## RECORD EXTRACTS
━━━━━━━━━━━━━━━━━━━━

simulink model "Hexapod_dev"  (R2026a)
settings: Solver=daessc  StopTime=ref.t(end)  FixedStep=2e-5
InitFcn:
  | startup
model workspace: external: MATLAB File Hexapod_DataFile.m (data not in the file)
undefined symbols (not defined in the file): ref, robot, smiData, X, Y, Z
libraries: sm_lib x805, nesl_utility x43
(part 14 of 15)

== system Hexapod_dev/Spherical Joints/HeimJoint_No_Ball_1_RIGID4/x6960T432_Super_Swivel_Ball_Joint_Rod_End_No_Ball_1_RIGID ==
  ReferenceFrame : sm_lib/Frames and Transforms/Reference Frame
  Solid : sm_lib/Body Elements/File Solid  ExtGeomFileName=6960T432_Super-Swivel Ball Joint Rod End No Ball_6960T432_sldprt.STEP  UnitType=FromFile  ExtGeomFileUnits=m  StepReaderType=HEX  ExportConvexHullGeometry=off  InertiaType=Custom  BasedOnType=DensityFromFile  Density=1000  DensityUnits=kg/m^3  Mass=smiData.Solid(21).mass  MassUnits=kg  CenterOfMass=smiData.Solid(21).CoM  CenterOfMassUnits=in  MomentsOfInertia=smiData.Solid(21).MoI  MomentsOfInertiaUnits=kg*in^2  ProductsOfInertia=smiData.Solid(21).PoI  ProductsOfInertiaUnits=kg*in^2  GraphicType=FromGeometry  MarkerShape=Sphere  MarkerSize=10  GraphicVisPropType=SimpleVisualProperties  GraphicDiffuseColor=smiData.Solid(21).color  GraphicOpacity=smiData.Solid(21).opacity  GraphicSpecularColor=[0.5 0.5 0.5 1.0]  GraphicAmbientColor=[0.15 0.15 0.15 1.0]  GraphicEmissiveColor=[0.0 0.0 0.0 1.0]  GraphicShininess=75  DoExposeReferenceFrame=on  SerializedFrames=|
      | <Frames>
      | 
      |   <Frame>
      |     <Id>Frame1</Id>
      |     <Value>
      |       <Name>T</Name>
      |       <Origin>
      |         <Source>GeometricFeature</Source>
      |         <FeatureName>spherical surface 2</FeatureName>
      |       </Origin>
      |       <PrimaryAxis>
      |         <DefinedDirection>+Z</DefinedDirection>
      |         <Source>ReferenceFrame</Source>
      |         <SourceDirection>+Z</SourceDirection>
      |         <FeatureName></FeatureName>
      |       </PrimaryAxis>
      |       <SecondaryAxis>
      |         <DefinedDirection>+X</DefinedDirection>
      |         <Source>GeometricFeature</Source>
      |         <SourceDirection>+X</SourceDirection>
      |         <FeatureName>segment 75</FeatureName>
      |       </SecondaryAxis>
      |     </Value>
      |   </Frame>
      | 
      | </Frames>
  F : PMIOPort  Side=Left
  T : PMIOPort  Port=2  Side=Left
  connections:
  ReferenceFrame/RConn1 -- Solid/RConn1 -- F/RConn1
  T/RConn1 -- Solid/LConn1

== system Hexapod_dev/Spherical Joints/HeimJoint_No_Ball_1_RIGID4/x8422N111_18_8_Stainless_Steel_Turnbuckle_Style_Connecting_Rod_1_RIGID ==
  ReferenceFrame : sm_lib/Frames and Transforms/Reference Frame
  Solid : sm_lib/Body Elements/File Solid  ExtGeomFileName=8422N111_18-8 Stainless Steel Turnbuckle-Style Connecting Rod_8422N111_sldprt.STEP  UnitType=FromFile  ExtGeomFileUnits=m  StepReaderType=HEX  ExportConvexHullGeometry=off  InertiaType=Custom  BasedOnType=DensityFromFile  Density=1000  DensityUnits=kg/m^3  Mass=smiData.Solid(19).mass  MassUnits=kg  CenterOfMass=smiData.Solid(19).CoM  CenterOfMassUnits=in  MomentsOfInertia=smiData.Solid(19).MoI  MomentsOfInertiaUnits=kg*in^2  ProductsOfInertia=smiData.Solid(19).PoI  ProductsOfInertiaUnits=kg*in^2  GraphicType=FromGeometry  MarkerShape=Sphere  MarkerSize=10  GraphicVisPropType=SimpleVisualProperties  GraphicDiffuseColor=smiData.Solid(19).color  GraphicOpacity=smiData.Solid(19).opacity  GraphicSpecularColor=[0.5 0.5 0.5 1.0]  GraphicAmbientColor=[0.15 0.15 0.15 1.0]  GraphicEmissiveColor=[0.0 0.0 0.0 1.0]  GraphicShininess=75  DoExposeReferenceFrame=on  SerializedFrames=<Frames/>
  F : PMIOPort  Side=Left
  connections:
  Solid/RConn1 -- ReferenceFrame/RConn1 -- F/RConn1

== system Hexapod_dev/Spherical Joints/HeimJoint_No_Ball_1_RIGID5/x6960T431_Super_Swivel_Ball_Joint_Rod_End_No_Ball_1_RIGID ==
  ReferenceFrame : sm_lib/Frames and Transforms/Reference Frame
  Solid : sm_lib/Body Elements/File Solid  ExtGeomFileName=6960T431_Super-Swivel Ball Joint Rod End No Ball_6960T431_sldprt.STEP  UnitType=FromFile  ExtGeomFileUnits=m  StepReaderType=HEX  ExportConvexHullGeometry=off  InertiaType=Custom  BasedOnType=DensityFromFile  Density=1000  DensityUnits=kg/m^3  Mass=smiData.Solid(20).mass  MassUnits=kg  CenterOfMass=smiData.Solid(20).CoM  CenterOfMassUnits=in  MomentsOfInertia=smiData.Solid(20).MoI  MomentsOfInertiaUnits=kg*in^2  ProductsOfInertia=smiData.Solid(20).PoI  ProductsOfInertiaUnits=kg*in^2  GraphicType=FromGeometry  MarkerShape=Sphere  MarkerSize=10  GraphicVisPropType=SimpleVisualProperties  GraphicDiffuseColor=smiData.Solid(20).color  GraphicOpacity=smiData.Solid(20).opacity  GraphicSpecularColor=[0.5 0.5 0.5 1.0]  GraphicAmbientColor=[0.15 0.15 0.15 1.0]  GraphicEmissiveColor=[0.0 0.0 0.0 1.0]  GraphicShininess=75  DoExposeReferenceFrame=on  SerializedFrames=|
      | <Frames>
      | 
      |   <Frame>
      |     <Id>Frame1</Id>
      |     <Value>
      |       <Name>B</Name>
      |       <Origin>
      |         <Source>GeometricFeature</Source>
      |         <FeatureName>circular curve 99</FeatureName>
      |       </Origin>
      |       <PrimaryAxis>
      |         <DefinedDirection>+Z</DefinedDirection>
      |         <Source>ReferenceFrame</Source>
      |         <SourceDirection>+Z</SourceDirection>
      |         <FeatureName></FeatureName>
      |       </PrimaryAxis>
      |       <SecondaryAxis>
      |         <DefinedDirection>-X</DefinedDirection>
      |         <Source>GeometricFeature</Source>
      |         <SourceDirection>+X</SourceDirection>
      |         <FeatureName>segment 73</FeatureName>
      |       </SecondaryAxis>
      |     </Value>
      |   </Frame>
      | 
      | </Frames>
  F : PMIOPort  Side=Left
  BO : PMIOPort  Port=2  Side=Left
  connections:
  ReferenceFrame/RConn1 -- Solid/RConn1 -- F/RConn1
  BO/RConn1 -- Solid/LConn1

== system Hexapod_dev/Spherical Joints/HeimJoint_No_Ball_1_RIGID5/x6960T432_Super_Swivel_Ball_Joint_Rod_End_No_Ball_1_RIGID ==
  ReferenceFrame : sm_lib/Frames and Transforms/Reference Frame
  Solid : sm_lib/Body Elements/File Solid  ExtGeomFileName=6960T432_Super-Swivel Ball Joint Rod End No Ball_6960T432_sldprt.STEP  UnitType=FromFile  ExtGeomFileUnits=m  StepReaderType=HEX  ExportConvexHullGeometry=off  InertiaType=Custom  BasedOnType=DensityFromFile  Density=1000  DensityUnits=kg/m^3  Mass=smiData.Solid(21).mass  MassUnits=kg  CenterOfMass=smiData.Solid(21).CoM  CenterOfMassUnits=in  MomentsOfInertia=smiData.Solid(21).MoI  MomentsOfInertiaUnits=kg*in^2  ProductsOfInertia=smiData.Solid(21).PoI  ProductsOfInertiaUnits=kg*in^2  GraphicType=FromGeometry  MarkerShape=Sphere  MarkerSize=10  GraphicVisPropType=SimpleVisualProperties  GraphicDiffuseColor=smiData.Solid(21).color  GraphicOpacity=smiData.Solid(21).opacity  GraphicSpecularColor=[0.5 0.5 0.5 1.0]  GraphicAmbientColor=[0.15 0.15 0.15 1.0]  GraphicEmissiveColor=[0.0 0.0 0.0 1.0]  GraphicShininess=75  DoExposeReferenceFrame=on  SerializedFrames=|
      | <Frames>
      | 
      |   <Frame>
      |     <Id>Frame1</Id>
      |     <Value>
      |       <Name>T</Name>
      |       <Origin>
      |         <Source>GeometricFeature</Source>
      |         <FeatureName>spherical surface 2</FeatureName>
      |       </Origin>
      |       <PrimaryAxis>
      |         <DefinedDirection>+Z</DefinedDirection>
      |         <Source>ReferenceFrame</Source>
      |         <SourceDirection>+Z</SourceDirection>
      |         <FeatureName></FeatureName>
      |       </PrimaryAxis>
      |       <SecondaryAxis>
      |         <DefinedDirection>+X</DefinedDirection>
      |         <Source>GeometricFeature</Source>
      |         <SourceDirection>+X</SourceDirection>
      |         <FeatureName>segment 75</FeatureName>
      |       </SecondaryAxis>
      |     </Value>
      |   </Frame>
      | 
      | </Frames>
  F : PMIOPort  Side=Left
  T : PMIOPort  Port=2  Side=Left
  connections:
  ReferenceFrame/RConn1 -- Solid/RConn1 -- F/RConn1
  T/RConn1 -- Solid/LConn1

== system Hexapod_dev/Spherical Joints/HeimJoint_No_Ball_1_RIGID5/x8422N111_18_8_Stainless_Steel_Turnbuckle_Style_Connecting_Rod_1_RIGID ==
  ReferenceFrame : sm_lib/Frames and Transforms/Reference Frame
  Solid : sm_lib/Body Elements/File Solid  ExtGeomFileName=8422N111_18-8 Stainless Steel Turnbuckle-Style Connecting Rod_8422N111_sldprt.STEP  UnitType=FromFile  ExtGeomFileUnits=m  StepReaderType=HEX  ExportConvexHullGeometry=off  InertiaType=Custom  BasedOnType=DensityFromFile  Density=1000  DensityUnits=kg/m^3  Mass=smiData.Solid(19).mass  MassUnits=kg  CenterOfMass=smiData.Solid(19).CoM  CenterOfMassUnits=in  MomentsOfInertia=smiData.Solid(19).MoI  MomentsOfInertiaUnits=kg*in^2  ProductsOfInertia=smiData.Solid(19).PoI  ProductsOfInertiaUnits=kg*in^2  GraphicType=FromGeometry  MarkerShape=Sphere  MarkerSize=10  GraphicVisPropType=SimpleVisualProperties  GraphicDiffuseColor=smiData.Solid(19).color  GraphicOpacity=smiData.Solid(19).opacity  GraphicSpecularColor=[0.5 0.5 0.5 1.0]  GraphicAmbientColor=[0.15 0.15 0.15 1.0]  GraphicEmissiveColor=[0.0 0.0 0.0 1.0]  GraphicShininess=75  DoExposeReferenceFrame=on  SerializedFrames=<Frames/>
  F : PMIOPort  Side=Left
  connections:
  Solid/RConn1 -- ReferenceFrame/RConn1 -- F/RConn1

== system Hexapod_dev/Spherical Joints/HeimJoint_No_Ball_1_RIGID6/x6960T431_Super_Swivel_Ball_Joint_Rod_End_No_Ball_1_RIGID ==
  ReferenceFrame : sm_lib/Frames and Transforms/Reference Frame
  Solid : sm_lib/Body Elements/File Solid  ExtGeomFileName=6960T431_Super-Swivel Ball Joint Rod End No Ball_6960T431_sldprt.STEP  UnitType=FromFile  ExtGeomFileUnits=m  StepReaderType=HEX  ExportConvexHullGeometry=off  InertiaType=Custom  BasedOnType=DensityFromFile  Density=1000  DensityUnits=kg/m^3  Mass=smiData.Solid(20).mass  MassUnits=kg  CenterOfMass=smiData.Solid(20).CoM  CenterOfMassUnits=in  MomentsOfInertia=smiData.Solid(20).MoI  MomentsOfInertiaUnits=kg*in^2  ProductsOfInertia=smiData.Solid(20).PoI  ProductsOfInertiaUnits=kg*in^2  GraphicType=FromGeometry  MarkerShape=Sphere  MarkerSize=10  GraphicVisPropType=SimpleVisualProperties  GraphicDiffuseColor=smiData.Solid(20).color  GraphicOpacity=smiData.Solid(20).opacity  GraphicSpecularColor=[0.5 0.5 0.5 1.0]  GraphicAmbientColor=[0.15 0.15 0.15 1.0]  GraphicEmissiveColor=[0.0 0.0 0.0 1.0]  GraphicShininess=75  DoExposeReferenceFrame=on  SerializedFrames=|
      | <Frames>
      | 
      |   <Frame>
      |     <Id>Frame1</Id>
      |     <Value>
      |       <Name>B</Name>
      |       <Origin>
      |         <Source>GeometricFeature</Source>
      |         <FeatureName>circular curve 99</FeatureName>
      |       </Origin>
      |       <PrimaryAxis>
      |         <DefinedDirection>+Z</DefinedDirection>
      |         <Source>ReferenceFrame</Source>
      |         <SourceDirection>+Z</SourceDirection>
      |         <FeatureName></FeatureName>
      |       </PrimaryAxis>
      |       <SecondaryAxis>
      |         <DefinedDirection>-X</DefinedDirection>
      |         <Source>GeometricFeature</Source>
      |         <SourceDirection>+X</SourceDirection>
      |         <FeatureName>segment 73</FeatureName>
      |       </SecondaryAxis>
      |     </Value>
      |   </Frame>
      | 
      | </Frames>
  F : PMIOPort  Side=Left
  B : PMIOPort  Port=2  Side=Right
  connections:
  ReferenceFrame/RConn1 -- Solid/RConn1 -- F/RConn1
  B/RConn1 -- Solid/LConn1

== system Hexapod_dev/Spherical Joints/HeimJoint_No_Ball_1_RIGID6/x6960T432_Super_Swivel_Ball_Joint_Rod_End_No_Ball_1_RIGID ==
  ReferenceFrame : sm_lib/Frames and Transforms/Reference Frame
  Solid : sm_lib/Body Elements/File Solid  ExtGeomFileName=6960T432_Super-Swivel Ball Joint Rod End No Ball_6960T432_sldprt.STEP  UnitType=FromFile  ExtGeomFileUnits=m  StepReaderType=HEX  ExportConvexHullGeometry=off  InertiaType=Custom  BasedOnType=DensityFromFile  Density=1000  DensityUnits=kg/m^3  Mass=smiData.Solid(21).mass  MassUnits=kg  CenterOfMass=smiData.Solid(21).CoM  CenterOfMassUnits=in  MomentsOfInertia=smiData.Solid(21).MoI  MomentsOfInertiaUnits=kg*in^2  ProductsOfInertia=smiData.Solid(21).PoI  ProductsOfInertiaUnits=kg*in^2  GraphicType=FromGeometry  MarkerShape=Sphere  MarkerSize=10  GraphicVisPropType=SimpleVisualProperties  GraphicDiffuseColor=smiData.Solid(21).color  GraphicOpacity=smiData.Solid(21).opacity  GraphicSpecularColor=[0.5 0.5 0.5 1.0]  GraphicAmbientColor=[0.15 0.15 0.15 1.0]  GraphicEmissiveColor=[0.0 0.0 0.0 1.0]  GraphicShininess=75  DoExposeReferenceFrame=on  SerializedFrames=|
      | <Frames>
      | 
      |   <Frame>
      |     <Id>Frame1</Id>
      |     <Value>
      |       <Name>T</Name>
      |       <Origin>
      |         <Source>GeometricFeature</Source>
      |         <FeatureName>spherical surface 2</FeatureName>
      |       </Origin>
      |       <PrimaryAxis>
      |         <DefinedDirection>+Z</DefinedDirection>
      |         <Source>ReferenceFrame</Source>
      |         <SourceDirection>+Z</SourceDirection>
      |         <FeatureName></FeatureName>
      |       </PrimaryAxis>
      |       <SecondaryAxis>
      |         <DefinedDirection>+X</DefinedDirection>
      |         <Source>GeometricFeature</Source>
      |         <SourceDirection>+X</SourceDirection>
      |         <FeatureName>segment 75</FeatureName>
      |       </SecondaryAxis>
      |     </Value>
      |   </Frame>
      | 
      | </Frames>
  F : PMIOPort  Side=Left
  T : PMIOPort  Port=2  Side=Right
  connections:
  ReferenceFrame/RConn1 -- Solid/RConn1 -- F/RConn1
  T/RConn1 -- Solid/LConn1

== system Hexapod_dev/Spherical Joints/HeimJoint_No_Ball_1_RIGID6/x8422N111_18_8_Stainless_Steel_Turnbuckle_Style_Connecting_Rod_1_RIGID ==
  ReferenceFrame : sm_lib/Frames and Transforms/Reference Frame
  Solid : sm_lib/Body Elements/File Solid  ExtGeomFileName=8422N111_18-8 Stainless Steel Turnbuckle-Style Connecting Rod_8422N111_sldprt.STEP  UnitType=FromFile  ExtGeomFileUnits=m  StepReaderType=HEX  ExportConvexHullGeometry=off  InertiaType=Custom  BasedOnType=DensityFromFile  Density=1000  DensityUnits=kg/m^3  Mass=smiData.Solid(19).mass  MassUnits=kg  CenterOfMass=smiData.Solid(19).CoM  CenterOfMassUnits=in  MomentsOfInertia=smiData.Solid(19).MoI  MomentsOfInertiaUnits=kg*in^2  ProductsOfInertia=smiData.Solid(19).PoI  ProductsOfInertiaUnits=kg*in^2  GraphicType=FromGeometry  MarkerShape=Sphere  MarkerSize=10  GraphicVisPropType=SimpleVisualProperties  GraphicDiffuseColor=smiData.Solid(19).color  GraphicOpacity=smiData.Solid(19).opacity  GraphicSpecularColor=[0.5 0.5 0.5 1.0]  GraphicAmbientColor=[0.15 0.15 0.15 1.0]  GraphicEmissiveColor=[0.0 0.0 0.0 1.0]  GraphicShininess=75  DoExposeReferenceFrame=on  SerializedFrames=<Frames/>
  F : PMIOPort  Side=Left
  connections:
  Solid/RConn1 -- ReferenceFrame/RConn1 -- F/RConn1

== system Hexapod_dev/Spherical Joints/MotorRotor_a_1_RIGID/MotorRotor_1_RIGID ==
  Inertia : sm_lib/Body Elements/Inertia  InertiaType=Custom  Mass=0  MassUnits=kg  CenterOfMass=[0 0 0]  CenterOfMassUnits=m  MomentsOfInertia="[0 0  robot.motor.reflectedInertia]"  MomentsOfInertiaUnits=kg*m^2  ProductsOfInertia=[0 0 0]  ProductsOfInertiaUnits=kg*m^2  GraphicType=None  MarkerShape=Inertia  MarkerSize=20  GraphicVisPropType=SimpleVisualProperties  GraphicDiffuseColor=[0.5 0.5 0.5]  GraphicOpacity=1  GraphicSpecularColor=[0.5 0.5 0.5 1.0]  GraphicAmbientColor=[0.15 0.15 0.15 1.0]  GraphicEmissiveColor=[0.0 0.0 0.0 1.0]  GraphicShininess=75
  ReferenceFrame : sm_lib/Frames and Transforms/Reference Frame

━━━━━━━━━━━━━━━━━━━━

## PROBLEM STATEMENT
Show every line in the entries above that contains the string "model".

## RESULT
simulink model "Hexapod_dev"  (R2026a)
model workspace: external: MATLAB File Hexapod_DataFile.m (data not in the file)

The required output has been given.